If you listen to it carefully, though, it is not too long before Welles started summarizing events and going way beyond the limits of what could actually happen in the duration of the program. But, it still has power.
Where there is no imagination, there is no horror. -- Sir Arthur Conan Doyle, "A Study In Scarlet"
Similarly, with a scarcity of television channels, children's recordings were similar to radio shows, long playing versions of film or other stories. I STILL think the best ones played to kids' imaginations and were (in some ways) better than the films themselves (depending on the quality of the original film).
I think this is so accurate. I've always believed that War of the Worlds got people to use the best technique in creating a scary horror broadcast - the power of their own imaginations. Film producers and directors may not give that enough credit. I can't help thinking of the "bloody" shower scene in Psycho. It seems so graphic and yet it...isn't. It is simply imagination that does it. If you've done an article about the advantages of LISTENING to radio broadcasts rather than seeing them on tv, I'd like the link.
This reminds me of the great effect of 'stillness' used by Anthony Hopkins in The Silence of the Lambs. He understood that a calm maniac, one who could be passing you the sugar in a restaurant, was more frightening than a raving one. It's the shadow of the picthfork on the barn door that seems scarier than the special effects of modern movies which arouse curiosity but keep the viewer focused on the technical rather than the primal.
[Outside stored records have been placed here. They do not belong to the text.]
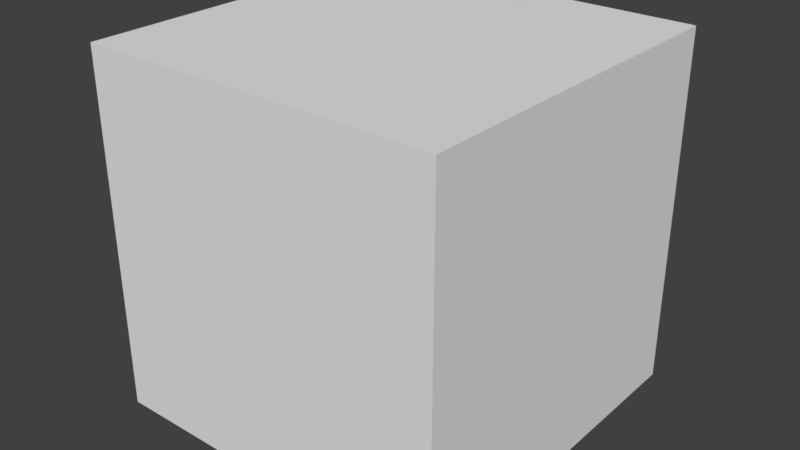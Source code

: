 # Source: startup.blend  (saved by Blender 2.79.6; exported with 4.5.12 LTS)
import bpy
from mathutils import Matrix  # noqa: F401  (used for matrix-valued properties, if any)

bpy.ops.wm.read_factory_settings(use_empty=True)
scene = bpy.context.scene
scene.name = 'Scene'

# ---- collections
col_collection_1 = bpy.data.collections.new('Collection 1'); scene.collection.children.link(col_collection_1)

# ---- world
world_world = bpy.data.worlds.new('World'); scene.world = world_world
world_world.color = (0.05088, 0.05088, 0.05088)
world_world.use_sun_shadow = False
world_world.sun_shadow_jitter_overblur = 0.0

# ---- meshes
me_cube_002 = bpy.data.meshes.new('Cube.002')
me_cube_002.from_pydata([(-1.0, -1.0, -1.0), (-1.0, -1.0, 1.0), (-1.0, 1.0, -1.0), (-1.0, 1.0, 1.0), (1.0, -1.0, -1.0), (1.0, -1.0, 1.0), (1.0, 1.0, -1.0), (1.0, 1.0, 1.0)], [], [(0, 1, 3, 2), (2, 3, 7, 6), (6, 7, 5, 4), (4, 5, 1, 0), (2, 6, 4, 0), (7, 3, 1, 5)])
me_cube_002.use_remesh_preserve_volume = False
me_cube_002.use_remesh_preserve_attributes = False
me_cube_002.use_mirror_vertex_groups = False
me_cube_002.update()

# ---- objects
ob_cube = bpy.data.objects.new('Cube', me_cube_002)

# ---- transforms, parenting, visibility, modifiers, constraints
ob_cube.location = (0.0, 0.0, 0.0)
ob_cube.lineart.crease_threshold = 0.0

# ---- collection membership
col_collection_1.objects.link(ob_cube)

# ---- scene / render settings (as saved in the file)
scene.frame_start = 1; scene.frame_end = 250; scene.frame_set(1)
scene.render.engine = 'CYCLES'
scene.render.image_settings.color_mode = 'RGB'
scene.render.image_settings.compression = 70
scene.render.fps = 25
scene.render.dither_intensity = 0.0
scene.cycles.use_denoising = False
scene.cycles.samples = 128
scene.cycles.sampling_pattern = 'TABULATED_SOBOL'
scene.cycles.use_adaptive_sampling = False
scene.cycles.use_light_tree = False
scene.view_settings.view_transform = 'Standard'
bpy.context.view_layer.update()

# ---- added for rendering (the .blend has no active camera and no usable light): camera, sun
cam_auto = bpy.data.cameras.new('AutoCamera')
cam_auto.lens = 50.0
cam_auto.sensor_width = 36.0
cam_auto.clip_end = 1000.0
ob_auto_camera = bpy.data.objects.new('AutoCamera', cam_auto)
scene.collection.objects.link(ob_auto_camera)
ob_auto_camera.location = (3.20507, -3.84609, 2.56406)
ob_auto_camera.rotation_euler = (1.09748, -7.21219e-08, 0.694738)
scene.camera = ob_auto_camera
light_auto_sun = bpy.data.lights.new('AutoSun', 'SUN')
light_auto_sun.energy = 3.0
light_auto_sun.angle = 0.0523599
ob_auto_sun = bpy.data.objects.new('AutoSun', light_auto_sun)
scene.collection.objects.link(ob_auto_sun)
ob_auto_sun.rotation_euler = (0.872665, 0.174533, 0.523599)
bpy.context.view_layer.update()

Truth spoken, I am a firm believer that truth is stranger than fiction.
You've got this right. And I'm with Betty about "The Birds", too. By the way, the BBC has a TV series called "Survivors" which is really very scary as well. I've only seen the first season, but WOW!
:), I think Glenn Beck is way scarier than War of the Worlds, but I love listening to War of the Worlds. Hitchcock was scary in the same way, Those damn birds! Of course the short story the Birds was based on was even scarier! but yeah, you got this one nailed. And thanks for the comment on the Beck article, it tis amazing to me what people will swear is the gospel truth!
Timophy Nice piece I listened to this brodcast while visiting the science museum in Ottawa and your right even knowing that it was a hoax still scary. it was also niceto see the reactions of my children who had never heard it.